Adams, a former police captain, will be no such mayor. Right now, we must wait for absentee ballots to be tallied — retrograde New York law prevents this from happening until after Election Day — before the new ranked-choice vote calculation can be made. Results will be certified in July. Adams appears likely to win, because most first-place vote-getters do, but New York’s first foray into the new voting system could produce surprises. That’s what Adams’s top rivals — Kathryn Garcia and Maya Wiley — are counting on.

If New York gets a Mayor Adams, he will be free to ignore those who did not help him get to his perch. That includes the media class, which he can deride as a bunch of lily-white elitists who don’t understand the struggle of a black man from the outer boroughs. Fair enough. But Adams, a wealthy landlord who owns multiple properties, long ago transcended the blue-collar pedigree he continually touts on the campaign trail. For the last twenty years, he has cozied up to the most influential real estate developers in the city, billionaires who wish, in the words of their old patron Mike Bloomberg, to make the city a luxury product.

Most working-class blacks, Latinos, and Asians in New York are tenants. Adams does not want to protect them from sharp rent increases. His allegiance is to the landlords, who make up his donor base, and it’s this cash that insulates him from true popular pressure. One of the canniest politicians on the municipal scene, he can posture as a populist while doing the bidding of those who revile popular movements. For the capitalists who make up the permanent government of the city, Adams is something close to an ideal vessel.

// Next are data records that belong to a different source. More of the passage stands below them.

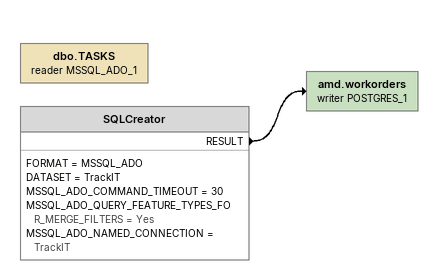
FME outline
dbo.TASKS (reader MSSQL_ADO_1)
SQLCreator
    FORMAT = MSSQL_ADO
    DATASET = TrackIT
    MSSQL_ADO_COMMAND_TIMEOUT = 30
    MSSQL_ADO_QUERY_FEATURE_TYPES_FOR_MERGE_FILTERS = Yes
    MSSQL_ADO_NAMED_CONNECTION = TrackIT
    RESULT -> amd.workorders (writer POSTGRES_1)
amd.workorders (writer POSTGRES_1)
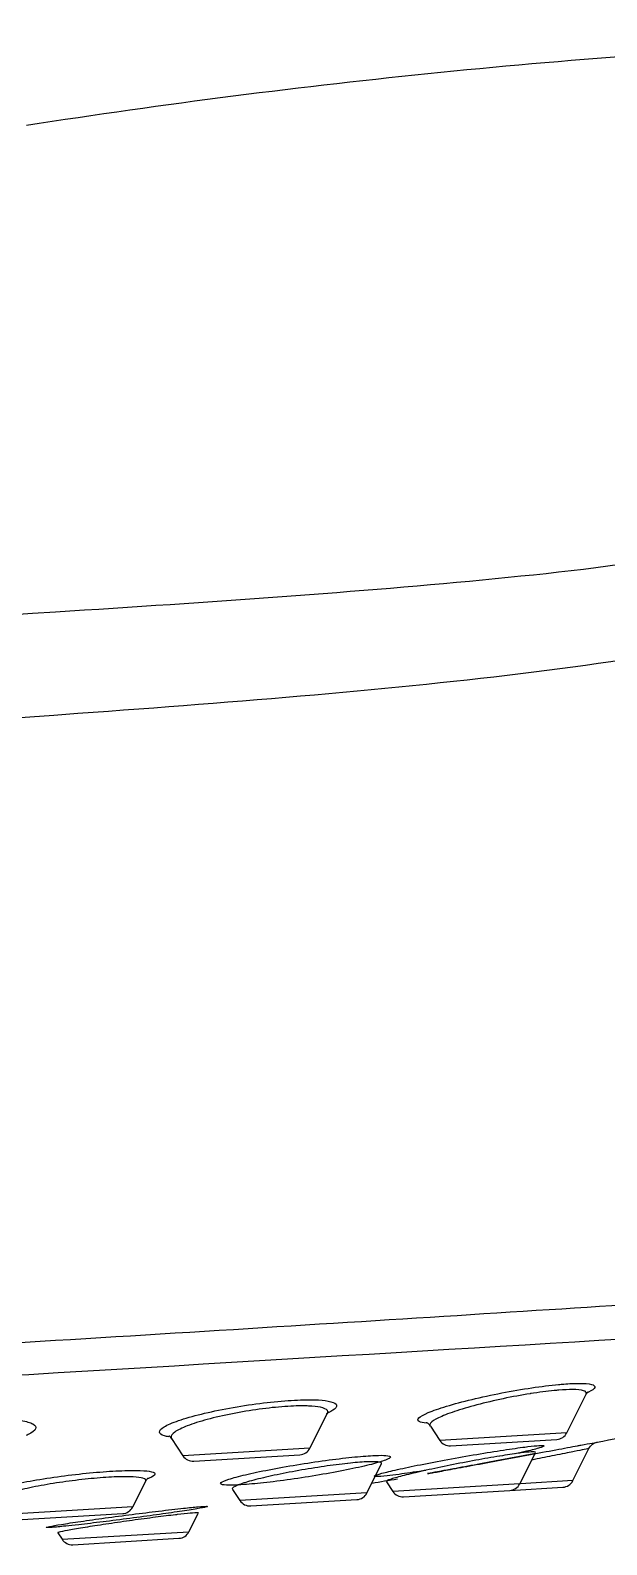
# Model space of a CAD drawing. Extents: x -13271 to -12677, y -11108 to -10688.
# Drawn here: x -13023.28 to -13008.9, y -10780.45 to -10742.65 of the extents above; entities that cross this region are included whole.
import ezdxf

# ---------------------------------------------------------------- set-up
doc = ezdxf.new("R2010")
doc.units = 0
doc.header["$LTSCALE"] = 7
doc.layers.add('41', color=7, linetype='CONTINUOUS')

msp = doc.modelspace()

# ---------------------------------------------------------------- linework, layer by layer
at = {"layer": '41', "color": 7, "linetype": 'Continuous'}
for p, q in [((-13009.89909, -10777.65857), (-13009.41654, -10776.69372)), ((-13016.30791, -10778.04258), (-13015.87864, -10777.18426)), ((-13013.30352, -10777.48948), (-13013.06662, -10777.84836)), ((-13019.75827, -10777.8039), (-13019.47544, -10778.23237)), ((-13012.79831, -10777.98256), (-13010.14947, -10777.82384)), ((-13019.20712, -10778.36657), (-13016.55828, -10778.20785)), ((-13011.07216, -10778.93101), (-13010.68345, -10778.15379)), ((-13009.74777, -10778.85166), (-13009.34836, -10778.05304)), ((-13014.88558, -10779.15951), (-13014.5237, -10778.43592)), ((-13020.72808, -10779.50958), (-13020.405, -10778.86358)), ((-13018.23664, -10779.07126), (-13018.05311, -10779.3493)), ((-13014.3994, -10778.87886), (-13014.39807, -10778.88087)), ((-13014.39807, -10778.88087), (-13014.23969, -10779.12081)), ((-13013.97137, -10779.255), (-13011.32253, -10779.09628)), ((-13011.32243, -10779.09628), (-13009.99814, -10779.01693)), ((-13017.78479, -10779.48349), (-13015.13595, -10779.32478)), ((-13023.62729, -10779.83357), (-13020.97845, -10779.67485)), ((-13019.32492, -10780.12676), (-13019.09798, -10779.67301)), ((-13019.09798, -10779.67301), (-13019.09773, -10779.67249)), ((-13022.59813, -10780.15646), (-13022.49244, -10780.31656)), ((-13022.22413, -10780.45075), (-13019.57529, -10780.29203))]:
    msp.add_line(p, q, dxfattribs=at)
at = {"layer": '41', "color": 3, "linetype": 'Continuous'}
for p, q in [((-13009.89909, -10777.65857), (-13013.06662, -10777.84836)), ((-13016.30791, -10778.04258), (-13019.47544, -10778.23237)), ((-13011.07216, -10778.93101), (-13014.23969, -10779.12081)), ((-13009.74777, -10778.85166), (-13011.05664, -10778.93008)), ((-13020.72808, -10779.50958), (-13023.89561, -10779.69938)), ((-13014.88558, -10779.15951), (-13018.05311, -10779.3493)), ((-13022.49244, -10780.31656), (-13019.32492, -10780.12676))]:
    msp.add_line(p, q, dxfattribs=at)
at = {"layer": '41', "color": 7, "linetype": 'Continuous'}
for centre, radius, start, end in [((-13012.81625, -10777.68309), 0.3, 213.429, 273.429), ((-13010.16741, -10777.52438), 0.3, 273.429, 333.429), ((-13043.9421, -10602.523), 178.78726, 281.223461, 281.591633), ((-13019.22506, -10778.0671), 0.3, 213.429, 273.429), ((-13016.57623, -10777.90839), 0.3, 273.429, 333.429), ((-13043.9421, -10602.523), 178.78726, 279.393221, 279.600632), ((-13013.98931, -10778.95553), 0.3, 213.429, 273.429), ((-13011.34048, -10778.79682), 0.3, 273.429, 333.429), ((-13010.01609, -10778.71746), 0.3, 273.429, 333.429), ((-13020.99639, -10779.37539), 0.3, 273.429, 333.429), ((-13017.80273, -10779.18403), 0.3, 213.429, 273.429), ((-13015.1539, -10779.02532), 0.3, 273.429, 333.429), ((-13019.59323, -10779.99257), 0.3, 273.429, 333.429), ((-13022.24207, -10780.15129), 0.3, 213.429, 273.429)]:
    msp.add_arc(centre, radius, start, end, dxfattribs=at)
at = {"layer": '41', "color": 7, "linetype": 'Continuous', "extrusion": (0.000465633, 2.79002e-05, -1)}
msp.add_arc((13009.077, -10778.18378, -6.36933), 0.3, 25.913004, 79.448047, dxfattribs=at)
at = {"layer": '41', "color": 7, "linetype": 'Continuous'}
for points, knots in [([(-12988.19779, -10742.82665), (-12989.52312, -10742.7658), (-12994.32992, -10742.60914), (-13002.62708, -10742.85395), (-13013.04547, -10743.60553), (-13019.9454, -10744.49355), (-13023.38196, -10745.02581)], [0, 0, 0, 0, 0.11269172, 0.40873709, 0.70478172, 1, 1, 1, 1]), ([(-13002.59125, -10774.96666), (-13007.70538, -10775.27309), (-13014.73823, -10775.69449), (-13026.50884, -10776.39977), (-13030.54944, -10776.64188), (-13038.74342, -10777.13286), (-13042.72689, -10777.37154), (-13054.33682, -10778.06719), (-13061.08038, -10778.47126), (-13068.15054, -10778.8949), (-13069.99448, -10779.00538), (-13072.46576, -10779.15346), (-13073.11062, -10779.1921), (-13073.10798, -10779.19194)], [0, 0, 0, 0, 0.2500072, 0.2500072, 0.37501081, 0.37501081, 0.50001441, 0.50001441, 0.75002161, 0.75002161, 0.87502521, 0.87502521, 1, 1, 1, 1]), ([(-13009.41377, -10776.69457), (-13009.41253, -10776.68976), (-13009.40289, -10776.65398), (-13009.37918, -10776.64077), (-13009.37446, -10776.63675), (-13009.37463, -10776.63642)], [0, 0, 0, 0, 0.0796931, 0.62797243, 1, 1, 1, 1]), ([(-13015.87369, -10777.18425), (-13015.86284, -10777.16214), (-13015.84842, -10777.13107), (-13015.843, -10777.12597), (-13015.84286, -10777.12651)], [0, 0, 0, 0, 0.54137806, 1, 1, 1, 1]), ([(-13013.40731, -10777.39821), (-13013.40749, -10777.39838), (-13013.39733, -10777.40206), (-13013.34267, -10777.42575), (-13013.31825, -10777.47552), (-13013.31167, -10777.4902)], [0, 0, 0, 0, 0.36746217, 0.83433793, 1, 1, 1, 1]), ([(-13019.82786, -10777.73426), (-13019.8266, -10777.73276), (-13019.80616, -10777.73404), (-13019.77602, -10777.78838), (-13019.76447, -10777.80952)], [0, 0, 0, 0, 0.67591892, 1, 1, 1, 1]), ([(-13010.68945, -10778.17871), (-13010.70144, -10778.18094), (-13010.71346, -10778.18317), (-13010.72549, -10778.18541), (-13010.95624, -10778.22834), (-13011.20025, -10778.27373), (-13011.43751, -10778.31785), (-13011.67596, -10778.36219), (-13011.9142, -10778.40648), (-13012.13236, -10778.44703), (-13012.35017, -10778.48752), (-13012.55404, -10778.5254), (-13012.7266, -10778.55746), (-13012.84376, -10778.57923), (-13012.94857, -10778.5987), (-13013.03676, -10778.61509), (-13013.15749, -10778.63751), (-13013.24929, -10778.65456), (-13013.30501, -10778.66491), (-13013.36354, -10778.67578), (-13013.38372, -10778.67953), (-13013.36379, -10778.67583), (-13013.34396, -10778.67215), (-13013.28389, -10778.66099), (-13013.18871, -10778.64331), (-13013.09338, -10778.62561), (-13012.96028, -10778.60088), (-13012.80054, -10778.5712), (-13012.63963, -10778.54131), (-13012.44734, -10778.50557), (-13012.2395, -10778.46695), (-13012.02958, -10778.42793), (-13011.79808, -10778.38489), (-13011.56392, -10778.34135), (-13011.32779, -10778.29745), (-13011.08248, -10778.25182), (-13010.84818, -10778.20824), (-13010.61314, -10778.16451), (-13010.38266, -10778.12163), (-13010.17607, -10778.08318), (-13009.97023, -10778.04487), (-13009.78237, -10778.0099), (-13009.6286, -10777.98127), (-13009.60125, -10777.97618), (-13009.57487, -10777.97127), (-13009.54954, -10777.96655)], [0, 0, 0, 0, 0.00408601, 0.00408601, 0.00408601, 0.08243888, 0.08243888, 0.08243888, 0.16119908, 0.16119908, 0.16119908, 0.23984125, 0.23984125, 0.23984125, 0.292821, 0.292821, 0.292821, 0.36580769, 0.36580769, 0.36580769, 0.44258836, 0.44258836, 0.44258836, 0.51898584, 0.51898584, 0.51898584, 0.59549043, 0.59549043, 0.59549043, 0.67256047, 0.67256047, 0.67256047, 0.75041565, 0.75041565, 0.75041565, 0.82894194, 0.82894194, 0.82894194, 0.90772757, 0.90772757, 0.90772757, 0.98623461, 0.98623461, 0.98623461, 1, 1, 1, 1]), ([(-13010.47237, -10777.9924), (-13010.48416, -10778.00238), (-13010.51936, -10778.01652), (-13010.57644, -10778.03414), (-13010.65079, -10778.05709), (-13010.76425, -10778.08658), (-13010.90725, -10778.12015), (-13010.98957, -10778.13948), (-13011.08296, -10778.16046), (-13011.18469, -10778.1825)], [0, 0, 0, 0, 0.32757609, 0.32757609, 0.32757609, 0.75432066, 0.75432066, 0.75432066, 1, 1, 1, 1]), ([(-13014.31348, -10778.28322), (-13014.33188, -10778.29956), (-13014.36969, -10778.3188), (-13014.42557, -10778.34018), (-13014.50583, -10778.37088), (-13014.62554, -10778.40683), (-13014.77473, -10778.44507), (-13014.92524, -10778.48365), (-13015.1099, -10778.52562), (-13015.3135, -10778.56753), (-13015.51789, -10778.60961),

Of course, Adams still has competition. Kathryn Garcia, a top rival who could perform well when the RCV tabulation occurs, offers a similar approach with a more palatable sheen: she has never run for office before, spending her recent career in municipal government. She ran de Blasio’s Sanitation Department admirably and was briefly in charge of the city’s beleaguered and underfunded public housing stock. She lacks Adams’s history of incendiary statements; unlike Adams, she was never a Republican and doesn’t readily pick fights with anyone. Her ability to project technocratic competence, along with an appearance of liberalism, won the hearts of many affluent Democratic voters in Brooklyn and Manhattan.

Garcia, like Adams, is uneasy with the broader left, if not openly hostile. She supports charter schools, is wary of rent stabilization, and has told voters she’d govern to the right of de Blasio’s tepid liberalism. The power elite would be comfortable with her in charge. She invokes the neoliberal managers of the 1970s and ’80s who effectively controlled city governance in the wake of the fiscal crisis, technocrats who cared little for preserving the social safety net.

For leftists, a Garcia mayoralty would be easier to contend with, and she may be more likely to negotiate with them. Unlike Adams, her coalition does include many people who would, otherwise, self-identify as progressive. She would arrive in office with the support of very few elected officials, labor unions, and Democratic organizations. Without these institutions, she will be a weaker opponent, more pliable, more easily opposed.

Wiley, who narrowly leads Garcia right now, would be the best-case scenario for the Left among the viable candidates — no socialist ran this year and other alternatives crumbled away — but she, like Garcia, has a long road back in the RCV tally.

And that, ultimately, is the last, and most important, question looming over this race. Did enough New Yorkers put Garcia and Wiley on their ballots to overcome Adams’s lead? The history of RCV suggests this is highly unlikely. But the times are only getting stranger.